How DNA Variants Shape Survival: Dr. Mahul Chakraborty Explores the Hidden Forces of Evolution

By: TAMU Biology 

picture of mahul chakraborty

Dr. Mahul Chakraborty

What makes one organism thrive while another struggles? For Dr. Mahul Chakraborty, a researcher in the Department of Biology at Texas A&M University, the answer lies in the often-overlooked parts of our DNA. His lab studies how large-scale changes in genetic structure, known as structural variants (SVs), drive both disease and adaptation across species.

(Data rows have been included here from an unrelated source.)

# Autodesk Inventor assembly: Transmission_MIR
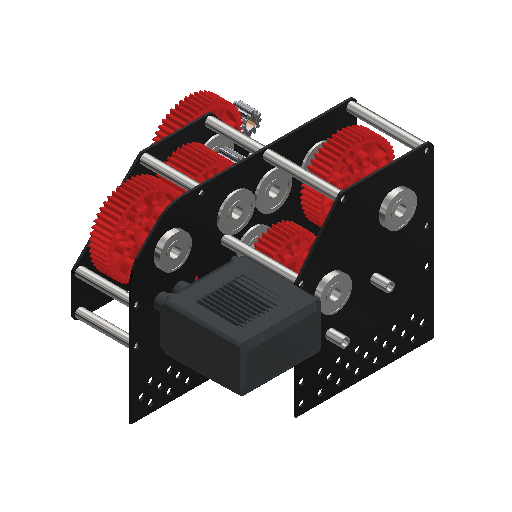
[picture p0: Inventor's stored thumbnail of the model, 512x512]
Saved by Autodesk Inventor 2024 (Build 280153000, 153)
## iProperties
Created: 2023-09-09
Part Number: Transmission_MIR
Document SubType Name: Assembly
Designer: aaron
Author: aaron
## Documents named in this file (14)
- C:\Users\aaron\Documents\Inventor\TritonRobotics\library\Stock Material\Plates\POM\Transmision\Transmission_MIR.iam
- C:\Users\aaron\Documents\Inventor\TritonRobotics\library\Stock Material\Plates\POM\Transmision\MainLayer_MIR.ipt
- C:\Users\aaron\Documents\Inventor\TritonRobotics\library\Stock Material\Plates\POM\Transmision\BottomLayer_MIR.ipt
- C:\Users\aaron\Documents\Inventor\TritonRobotics\library\Stock Material\Plates\POM\Transmision\Top Layer_MIR.ipt
- C:\Users\aaron\Documents\Inventor\TritonRobotics\library\VEX Library\Structure\Metal Spacers\1.0 1-2 od_MIR3.ipt
- C:\Users\aaron\Documents\Inventor\TritonRobotics\library\VEX Library\Structure\Metal Spacers\0.25 1-2 od_MIR3.ipt
- C:\Users\aaron\Documents\Inventor\TritonRobotics\library\VEX Library\Motion\HS Shaft\bearing_MIR1.ipt
- C:\Users\aaron\Documents\Inventor\TritonRobotics\library\VEX Library\Subsystems\PTOS\PTO .5 v1.1_MIR.iam
- C:\Users\aaron\Documents\Inventor\TritonRobotics\library\VEX Library\Subsystems\PTOS\PTO 1 v1.1_MIR.iam
- C:\Users\aaron\Documents\Inventor\TritonRobotics\library\VEX Library\Electronics\V5 Motor_MIR6.ipt
- C:\Users\aaron\Documents\Inventor\TritonRobotics\library\VEX Library\Motion\Gears\High Strength\36 Tooth\36T High Strength Gear v2_MIR3.ipt
- C:\Users\aaron\Documents\Inventor\TritonRobotics\library\VEX Library\Motion\Gears\Low Strength\36T Gear_MIR.ipt
- C:\Users\aaron\Documents\Inventor\TritonRobotics\library\VEX Library\Motion\Gears\High Strength\48 Tooth\48 High Strength Gear V2_MIR2.ipt
- C:\Users\aaron\Documents\Inventor\TritonRobotics\library\VEX Library\Motion\Gears\High Strength\12 Tooth\HS 12T Gear, No Insert_MIR2.ipt
## Components (55 placed, 13 different names)
1. MainLayer_MIR:1 — Mate:6, Mate:4, Mate:3, Mate:5, Mate:2, Mate:1, Mate:26, Mate:25, Mate:48, Mate:31, Mate:50, Mate:49, Mate:54, Mate:53, Mate:56, Mate:55, Mate:52, Mate:51, Mate:62, Mate:61, Mate:68, Mate:67, Mate:70, Mate:69, Mate:72, Mate:71, Mate:74, Mate:73, Mate:76, Mate:75, Mate:89, Mate:88, Mate:87, Mate:92
2. BottomLayer_MIR:1 — Mate:6, Mate:4, Mate:3, Mate:78, Mate:77, Mate:80, Mate:79, Mate:82, Mate:81, Mate:84, Mate:83
3. Top Layer_MIR:1 — Mate:5, Mate:2, Mate:1, Mate:10, Mate:9, Mate:18, Mate:17, Mate:22, Mate:21, Mate:20, Mate:19, Mate:64, Mate:63, Mate:66, Mate:65, Mate:85, Mate:86
4. 1.0 1-2 od_MIR3:1 — Mate:8, Mate:7
5. 1.0 1-2 od_MIR3:2 — Mate:10, Mate:9, Mate:8, Mate:7
6. 1.0 1-2 od_MIR3:3 — Mate:18, Mate:17, Mate:12, Mate:11
7. 1.0 1-2 od_MIR3:4 — Mate:12, Mate:11
8. 1.0 1-2 od_MIR3:5 — Mate:22, Mate:21, Mate:14, Mate:13
9. 1.0 1-2 od_MIR3:6 — Mate:14, Mate:13
10. 1.0 1-2 od_MIR3:7 — Mate:20, Mate:19, Mate:16, Mate:15
11. 1.0 1-2 od_MIR3:8 — Mate:16, Mate:15
12. 1.0 1-2 od_MIR3:9 — Mate:26, Mate:24, Mate:23
13. 1.0 1-2 od_MIR3:10 — Mate:25, Mate:24, Mate:23
14. 1.0 1-2 od_MIR3:11 — Mate:30, Mate:29
15. 0.25 1-2 od_MIR3:1 — Mate:30, Mate:29, Mate:28, Mate:27
16. 0.25 1-2 od_MIR3:2 — Mate:48, Mate:31, Mate:28, Mate:27
17. 1.0 1-2 od_MIR3:12 — Mate:35, Mate:34
18. 0.25 1-2 od_MIR3:3 — Mate:50, Mate:35, Mate:34, Mate:33, Mate:32
19. 0.25 1-2 od_MIR3:4 — Mate:49, Mate:33, Mate:32
20. 1.0 1-2 od_MIR3:13 — Mate:54, Mate:53, Mate:39, Mate:38
21. 0.25 1-2 od_MIR3:5 — Mate:39, Mate:38, Mate:37, Mate:36
22. 0.25 1-2 od_MIR3:6 — Mate:37, Mate:36
23. 1.0 1-2 od_MIR3:14 — Mate:56, Mate:55, Mate:43, Mate:42
24. 0.25 1-2 od_MIR3:7 — Mate:43, Mate:42, Mate:41, Mate:40
25. 0.25 1-2 od_MIR3:8 — Mate:41, Mate:40
26. 1.0 1-2 od_MIR3:15 — Mate:52, Mate:51, Mate:47, Mate:46
27. 0.25 1-2 od_MIR3:9 — Mate:47, Mate:46, Mate:45, Mate:44
28. 0.25 1-2 od_MIR3:10 — Mate:45, Mate:44
29. 1.0 1-2 od_MIR3:16 — Mate:62, Mate:61, Mate:60, Mate:59
30. 0.25 1-2 od_MIR3:11 — Mate:60, Mate:59, Mate:58, Mate:57
31. 0.25 1-2 od_MIR3:12 — Mate:58, Mate:57
32. bearing_MIR1:1 — Mate:64, Mate:63
33. bearing_MIR1:2 — Mate:66, Mate:65
34. bearing_MIR1:3 — Mate:68, Mate:67, Mate:93, Mate:94
35. bearing_MIR1:4 — Mate:70, Mate:69, Mate:96
36. bearing_MIR1:5 — Mate:72, Mate:71, Mate:90, Mate:100
37. bearing_MIR1:6 — Mate:74, Mate:73
38. bearing_MIR1:7 — Mate:78, Mate:77
39. bearing_MIR1:8 — Mate:76, Mate:75, Mate:101
40. bearing_MIR1:9 — Mate:80, Mate:79
41. bearing_MIR1:10 — Mate:82, Mate:81, Mate:97
42. bearing_MIR1:11 — Mate:84, Mate:83, Mate:95
43. PTO .5 v1.1_MIR:1 [sub-assembly] — Mate:85
44. PTO 1 v1.1_MIR:1 [sub-assembly] — Mate:86
45. V5 Motor_MIR6:1 — Mate:89, Mate:88, Mate:87
46. 36T High Strength Gear v2_MIR3:1 — Mate:90
47. 36T Gear_MIR:1 — Mate:92
48. 48 High Strength Gear V2_MIR2:1 — Mate:93
49. HS 12T Gear, No Insert_MIR2:1 — Mate:94
50. 48 High Strength Gear V2_MIR2:2 — Mate:95
51. HS 12T Gear, No Insert_MIR2:2 — Mate:96
52. 36T High Strength Gear v2_MIR3:2 — Mate:97, Mate:99, Mate:98
53. 36T High Strength Gear v2_MIR3:3 — Mate:99, Mate:98
54. 36T Gear_MIR:2 — Mate:100
55. 48 High Strength Gear V2_MIR2:3 — Mate:101
## Relationships (100: Mate 100)
- Mate:6 (38.1 mm): MainLayer_MIR:1 ↔ BottomLayer_MIR:1
- Mate:4: MainLayer_MIR:1 ↔ BottomLayer_MIR:1
- Mate:3: MainLayer_MIR:1 ↔ BottomLayer_MIR:1
- Mate:5 (50.8 mm): MainLayer_MIR:1 ↔ Top Layer_MIR:1
- Mate:2: MainLayer_MIR:1 ↔ Top Layer_MIR:1
- Mate:1: MainLayer_MIR:1 ↔ Top Layer_MIR:1
- Mate:10: Top Layer_MIR:1 ↔ 1.0 1-2 od_MIR3:2
- Mate:9: Top Layer_MIR:1 ↔ 1.0 1-2 od_MIR3:2
- Mate:8: 1.0 1-2 od_MIR3:1 ↔ 1.0 1-2 od_MIR3:2
- Mate:7: 1.0 1-2 od_MIR3:1 ↔ 1.0 1-2 od_MIR3:2
- Mate:18: Top Layer_MIR:1 ↔ 1.0 1-2 od_MIR3:3
- Mate:17: Top Layer_MIR:1 ↔ 1.0 1-2 od_MIR3:3
- Mate:12: 1.0 1-2 od_MIR3:3 ↔ 1.0 1-2 od_MIR3:4
- Mate:11: 1.0 1-2 od_MIR3:3 ↔ 1.0 1-2 od_MIR3:4
- Mate:22: Top Layer_MIR:1 ↔ 1.0 1-2 od_MIR3:5
- Mate:21: Top Layer_MIR:1 ↔ 1.0 1-2 od_MIR3:5
- Mate:14: 1.0 1-2 od_MIR3:5 ↔ 1.0 1-2 od_MIR3:6
- Mate:13: 1.0 1-2 od_MIR3:5 ↔ 1.0 1-2 od_MIR3:6
- Mate:20: Top Layer_MIR:1 ↔ 1.0 1-2 od_MIR3:7
- Mate:19: Top Layer_MIR:1 ↔ 1.0 1-2 od_MIR3:7
- Mate:16: 1.0 1-2 od_MIR3:7 ↔ 1.0 1-2 od_MIR3:8
- Mate:15: 1.0 1-2 od_MIR3:7 ↔ 1.0 1-2 od_MIR3:8
- Mate:26: MainLayer_MIR:1 ↔ 1.0 1-2 od_MIR3:9
- Mate:25: MainLayer_MIR:1 ↔ 1.0 1-2 od_MIR3:10
- Mate:24: 1.0 1-2 od_MIR3:9 ↔ 1.0 1-2 od_MIR3:10
- Mate:23: 1.0 1-2 od_MIR3:9 ↔ 1.0 1-2 od_MIR3:10
- Mate:30: 1.0 1-2 od_MIR3:11 ↔ 0.25 1-2 od_MIR3:1
- Mate:29: 1.0 1-2 od_MIR3:11 ↔ 0.25 1-2 od_MIR3:1
- Mate:48: MainLayer_MIR:1 ↔ 0.25 1-2 od_MIR3:2
- Mate:31: MainLayer_MIR:1 ↔ 0.25 1-2 od_MIR3:2
- Mate:28: 0.25 1-2 od_MIR3:1 ↔ 0.25 1-2 od_MIR3:2
- Mate:27: 0.25 1-2 od_MIR3:1 ↔ 0.25 1-2 od_MIR3:2
- Mate:50: MainLayer_MIR:1 ↔ 0.25 1-2 od_MIR3:3
- Mate:35: 1.0 1-2 od_MIR3:12 ↔ 0.25 1-2 od_MIR3:3
- Mate:34: 1.0 1-2 od_MIR3:12 ↔ 0.25 1-2 od_MIR3:3
- Mate:49: MainLayer_MIR:1 ↔ 0.25 1-2 od_MIR3:4
- Mate:33: 0.25 1-2 od_MIR3:3 ↔ 0.25 1-2 od_MIR3:4
- Mate:32: 0.25 1-2 od_MIR3:3 ↔ 0.25 1-2 od_MIR3:4
- Mate:54: MainLayer_MIR:1 ↔ 1.0 1-2 od_MIR3:13
- Mate:53: MainLayer_MIR:1 ↔ 1.0 1-2 od_MIR3:13
- Mate:39: 1.0 1-2 od_MIR3:13 ↔ 0.25 1-2 od_MIR3:5
- Mate:38: 1.0 1-2 od_MIR3:13 ↔ 0.25 1-2 od_MIR3:5
- Mate:37: 0.25 1-2 od_MIR3:5 ↔ 0.25 1-2 od_MIR3:6
- Mate:36: 0.25 1-2 od_MIR3:5 ↔ 0.25 1-2 od_MIR3:6
- Mate:56: MainLayer_MIR:1 ↔ 1.0 1-2 od_MIR3:14
- Mate:55: MainLayer_MIR:1 ↔ 1.0 1-2 od_MIR3:14
- Mate:43: 1.0 1-2 od_MIR3:14 ↔ 0.25 1-2 od_MIR3:7
- Mate:42: 1.0 1-2 od_MIR3:14 ↔ 0.25 1-2 od_MIR3:7
- Mate:41: 0.25 1-2 od_MIR3:7 ↔ 0.25 1-2 od_MIR3:8
- Mate:40: 0.25 1-2 od_MIR3:7 ↔ 0.25 1-2 od_MIR3:8
- Mate:52: MainLayer_MIR:1 ↔ 1.0 1-2 od_MIR3:15
- Mate:51: MainLayer_MIR:1 ↔ 1.0 1-2 od_MIR3:15
- Mate:47: 1.0 1-2 od_MIR3:15 ↔ 0.25 1-2 od_MIR3:9
- Mate:46: 1.0 1-2 od_MIR3:15 ↔ 0.25 1-2 od_MIR3:9
- Mate:45: 0.25 1-2 od_MIR3:9 ↔ 0.25 1-2 od_MIR3:10
- Mate:44: 0.25 1-2 od_MIR3:9 ↔ 0.25 1-2 od_MIR3:10
- Mate:62: MainLayer_MIR:1 ↔ 1.0 1-2 od_MIR3:16
- Mate:61: MainLayer_MIR:1 ↔ 1.0 1-2 od_MIR3:16
- Mate:60: 1.0 1-2 od_MIR3:16 ↔ 0.25 1-2 od_MIR3:11
- Mate:59: 1.0 1-2 od_MIR3:16 ↔ 0.25 1-2 od_MIR3:11
- Mate:58: 0.25 1-2 od_MIR3:11 ↔ 0.25 1-2 od_MIR3:12
- Mate:57: 0.25 1-2 od_MIR3:11 ↔ 0.25 1-2 od_MIR3:12
- Mate:64: Top Layer_MIR:1 ↔ bearing_MIR1:1
- Mate:63: Top Layer_MIR:1 ↔ bearing_MIR1:1
- Mate:66: Top Layer_MIR:1 ↔ bearing_MIR1:2
- Mate:65: Top Layer_MIR:1 ↔ bearing_MIR1:2
- Mate:68: MainLayer_MIR:1 ↔ bearing_MIR1:3
- Mate:67: MainLayer_MIR:1 ↔ bearing_MIR1:3
- Mate:70: MainLayer_MIR:1 ↔ bearing_MIR1:4
- Mate:69: MainLayer_MIR:1 ↔ bearing_MIR1:4
- Mate:72: MainLayer_MIR:1 ↔ bearing_MIR1:5
- Mate:71: MainLayer_MIR:1 ↔ bearing_MIR1:5
- Mate:74: MainLayer_MIR:1 ↔ bearing_MIR1:6
- Mate:73: MainLayer_MIR:1 ↔ bearing_MIR1:6
- Mate:78: BottomLayer_MIR:1 ↔ bearing_MIR1:7
- Mate:77: BottomLayer_MIR:1 ↔ bearing_MIR1:7
- Mate:76: MainLayer_MIR:1 ↔ bearing_MIR1:8
- Mate:75: MainLayer_MIR:1 ↔ bearing_MIR1:8
- Mate:80: BottomLayer_MIR:1 ↔ bearing_MIR1:9
- Mate:79: BottomLayer_MIR:1 ↔ bearing_MIR1:9
- Mate:82: BottomLayer_MIR:1 ↔ bearing_MIR1:10
- Mate:81: BottomLayer_MIR:1 ↔ bearing_MIR1:10
- Mate:84: BottomLayer_MIR:1 ↔ bearing_MIR1:11
- Mate:83: BottomLayer_MIR:1 ↔ bearing_MIR1:11
- Mate:85: Top Layer_MIR:1 ↔ PTO .5 v1.1_MIR:1
- Mate:86: Top Layer_MIR:1 ↔ PTO 1 v1.1_MIR:1
- Mate:89: MainLayer_MIR:1 ↔ V5 Motor_MIR6:1
- Mate:88: MainLayer_MIR:1 ↔ V5 Motor_MIR6:1
- Mate:87: MainLayer_MIR:1 ↔ V5 Motor_MIR6:1
- Mate:90: bearing_MIR1:5 ↔ 36T High Strength Gear v2_MIR3:1
- Mate:92: MainLayer_MIR:1 ↔ 36T Gear_MIR:1
- Mate:93: bearing_MIR1:3 ↔ 48 High Strength Gear V2_MIR2:1
- Mate:94: bearing_MIR1:3 ↔ HS 12T Gear, No Insert_MIR2:1
- Mate:95: bearing_MIR1:11 ↔ 48 High Strength Gear V2_MIR2:2
- Mate:96: bearing_MIR1:4 ↔ HS 12T Gear, No Insert_MIR2:2
- Mate:97: bearing_MIR1:10 ↔ 36T High Strength Gear v2_MIR3:2
- Mate:99: 36T High Strength Gear v2_MIR3:2 ↔ 36T High Strength Gear v2_MIR3:3
- Mate:98: 36T High Strength Gear v2_MIR3:2 ↔ 36T High Strength Gear v2_MIR3:3
- Mate:100: bearing_MIR1:5 ↔ 36T Gear_MIR:2
- Mate:101: bearing_MIR1:8 ↔ 48 High Strength Gear V2_MIR2:3

While many genetic changes are harmful, some confer advantages that help organisms survive, reproduce, or thrive in new environments. Dr. Chakraborty’s research explores the genomic and molecular basis of these adaptive traits, focusing especially on SVs such as duplications, deletions, and inversions. These large mutations can dramatically alter how genes function but are often missed by traditional genome analysis tools. By combining cutting-edge genomics, genome editing, and population genetics, Dr. Chakraborty’s lab is uncovering how these changes shape everything from insect resistance to disease to human health.

Another area of focus is the evolutionary tug-of-war between the sexes. Using flies and mosquitoes as models, Dr. Chakraborty investigates how differences in male and female genetic interests—what scientists call sexual conflict—are written into the repetitive, little-understood regions of sex chromosomes like the Y and W. His lab is pioneering ways to study these regions, shedding light on how DNA that was once thought of as “junk” actually drives important biological differences between males and females.

Chakraborty lab members standing outside

Chakraborty Lab

Why It Matters

Understanding structural variants and how they affect traits is critical for everything from improving disease diagnostics to managing the spread of invasive species. Dr. Chakraborty’s research helps explain why some organisms become better adapted to their environments—whether that’s a crop pest evolving resistance, or a mosquito adapting to new climates. By uncovering the molecular roots of adaptation, his work gives us tools to better predict and respond to biological challenges.